HOW TO COMPLETE THIS TASK: All the lines below should be set down exactly, with no picture carried into the copy.

SUPPLIED MATERIAL:
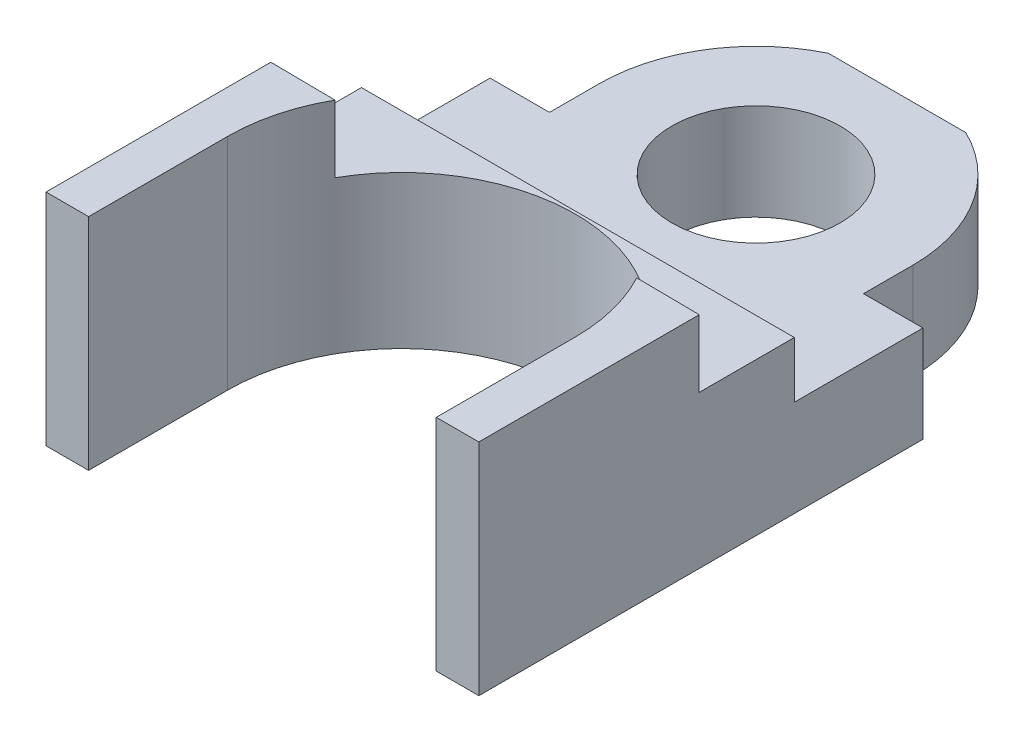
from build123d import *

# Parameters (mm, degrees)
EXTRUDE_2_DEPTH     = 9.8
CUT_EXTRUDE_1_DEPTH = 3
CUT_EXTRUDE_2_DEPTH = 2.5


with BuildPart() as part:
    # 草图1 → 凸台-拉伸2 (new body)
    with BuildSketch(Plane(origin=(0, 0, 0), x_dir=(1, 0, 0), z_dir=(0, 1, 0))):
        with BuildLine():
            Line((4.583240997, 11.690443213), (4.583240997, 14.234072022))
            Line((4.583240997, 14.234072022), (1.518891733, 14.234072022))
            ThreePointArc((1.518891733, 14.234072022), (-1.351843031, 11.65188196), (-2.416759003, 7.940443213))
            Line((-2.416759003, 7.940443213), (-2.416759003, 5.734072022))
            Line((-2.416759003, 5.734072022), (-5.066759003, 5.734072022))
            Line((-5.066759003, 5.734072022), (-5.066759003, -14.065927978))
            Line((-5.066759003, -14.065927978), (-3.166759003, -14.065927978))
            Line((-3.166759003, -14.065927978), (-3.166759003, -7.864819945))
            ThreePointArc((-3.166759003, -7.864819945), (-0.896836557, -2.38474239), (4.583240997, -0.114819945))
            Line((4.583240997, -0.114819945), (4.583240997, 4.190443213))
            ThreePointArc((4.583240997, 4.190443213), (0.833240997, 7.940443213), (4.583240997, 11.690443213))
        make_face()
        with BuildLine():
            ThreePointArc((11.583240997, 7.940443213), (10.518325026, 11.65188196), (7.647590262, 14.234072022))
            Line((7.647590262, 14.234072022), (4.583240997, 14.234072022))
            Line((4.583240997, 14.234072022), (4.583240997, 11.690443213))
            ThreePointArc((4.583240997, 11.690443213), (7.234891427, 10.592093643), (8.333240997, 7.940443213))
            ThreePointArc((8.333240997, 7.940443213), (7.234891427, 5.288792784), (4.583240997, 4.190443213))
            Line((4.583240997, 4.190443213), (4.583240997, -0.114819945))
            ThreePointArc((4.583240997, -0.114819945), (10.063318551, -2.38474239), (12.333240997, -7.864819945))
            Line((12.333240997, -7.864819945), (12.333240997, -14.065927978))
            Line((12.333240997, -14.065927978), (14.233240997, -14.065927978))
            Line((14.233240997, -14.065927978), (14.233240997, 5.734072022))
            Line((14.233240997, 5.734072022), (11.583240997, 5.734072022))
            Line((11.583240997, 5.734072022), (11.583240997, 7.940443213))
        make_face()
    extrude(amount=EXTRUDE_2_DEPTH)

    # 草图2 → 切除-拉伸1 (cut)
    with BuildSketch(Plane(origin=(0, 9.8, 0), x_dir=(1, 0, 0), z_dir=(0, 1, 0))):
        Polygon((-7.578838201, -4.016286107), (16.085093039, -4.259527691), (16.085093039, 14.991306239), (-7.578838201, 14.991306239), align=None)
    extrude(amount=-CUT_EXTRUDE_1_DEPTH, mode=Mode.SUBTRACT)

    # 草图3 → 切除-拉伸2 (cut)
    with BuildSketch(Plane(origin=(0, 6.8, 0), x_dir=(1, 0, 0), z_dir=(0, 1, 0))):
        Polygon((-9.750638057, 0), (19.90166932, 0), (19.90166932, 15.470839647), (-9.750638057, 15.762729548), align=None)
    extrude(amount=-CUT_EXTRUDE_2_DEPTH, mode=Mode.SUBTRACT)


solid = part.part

SOLUTION BELOW:
from build123d import *

# Parameters (mm, degrees)
EXTRUDE_2_DEPTH     = 9.8
CUT_EXTRUDE_1_DEPTH = 3
CUT_EXTRUDE_2_DEPTH = 2.5


with BuildPart() as part:
    # 草图1 → 凸台-拉伸2 (new body)
    with BuildSketch(Plane(origin=(0, 0, 0), x_dir=(1, 0, 0), z_dir=(0, 1, 0))):
        with BuildLine():
            Line((4.583240997, 11.690443213), (4.583240997, 14.234072022))
            Line((4.583240997, 14.234072022), (1.518891733, 14.234072022))
            ThreePointArc((1.518891733, 14.234072022), (-1.351843031, 11.65188196), (-2.416759003, 7.940443213))
            Line((-2.416759003, 7.940443213), (-2.416759003, 5.734072022))
            Line((-2.416759003, 5.734072022), (-5.066759003, 5.734072022))
            Line((-5.066759003, 5.734072022), (-5.066759003, -14.065927978))
            Line((-5.066759003, -14.065927978), (-3.166759003, -14.065927978))
            Line((-3.166759003, -14.065927978), (-3.166759003, -7.864819945))
            ThreePointArc((-3.166759003, -7.864819945), (-0.896836557, -2.38474239), (4.583240997, -0.114819945))
            Line((4.583240997, -0.114819945), (4.583240997, 4.190443213))
            ThreePointArc((4.583240997, 4.190443213), (0.833240997, 7.940443213), (4.583240997, 11.690443213))
        make_face()
        with BuildLine():
            ThreePointArc((11.583240997, 7.940443213), (10.518325026, 11.65188196), (7.647590262, 14.234072022))
            Line((7.647590262, 14.234072022), (4.583240997, 14.234072022))
            Line((4.583240997, 14.234072022), (4.583240997, 11.690443213))
            ThreePointArc((4.583240997, 11.690443213), (7.234891427, 10.592093643), (8.333240997, 7.940443213))
            ThreePointArc((8.333240997, 7.940443213), (7.234891427, 5.288792784), (4.583240997, 4.190443213))
            Line((4.583240997, 4.190443213), (4.583240997, -0.114819945))
            ThreePointArc((4.583240997, -0.114819945), (10.063318551, -2.38474239), (12.333240997, -7.864819945))
            Line((12.333240997, -7.864819945), (12.333240997, -14.065927978))
            Line((12.333240997, -14.065927978), (14.233240997, -14.065927978))
            Line((14.233240997, -14.065927978), (14.233240997, 5.734072022))
            Line((14.233240997, 5.734072022), (11.583240997, 5.734072022))
            Line((11.583240997, 5.734072022), (11.583240997, 7.940443213))
        make_face()
    extrude(amount=EXTRUDE_2_DEPTH)

    # 草图2 → 切除-拉伸1 (cut)
    with BuildSketch(Plane(origin=(0, 9.8, 0), x_dir=(1, 0, 0), z_dir=(0, 1, 0))):
        Polygon((-7.578838201, -4.016286107), (16.085093039, -4.259527691), (16.085093039, 14.991306239), (-7.578838201, 14.991306239), align=None)
    extrude(amount=-CUT_EXTRUDE_1_DEPTH, mode=Mode.SUBTRACT)

    # 草图3 → 切除-拉伸2 (cut)
    with BuildSketch(Plane(origin=(0, 6.8, 0), x_dir=(1, 0, 0), z_dir=(0, 1, 0))):
        Polygon((-9.750638057, 0), (19.90166932, 0), (19.90166932, 15.470839647), (-9.750638057, 15.762729548), align=None)
    extrude(amount=-CUT_EXTRUDE_2_DEPTH, mode=Mode.SUBTRACT)


solid = part.part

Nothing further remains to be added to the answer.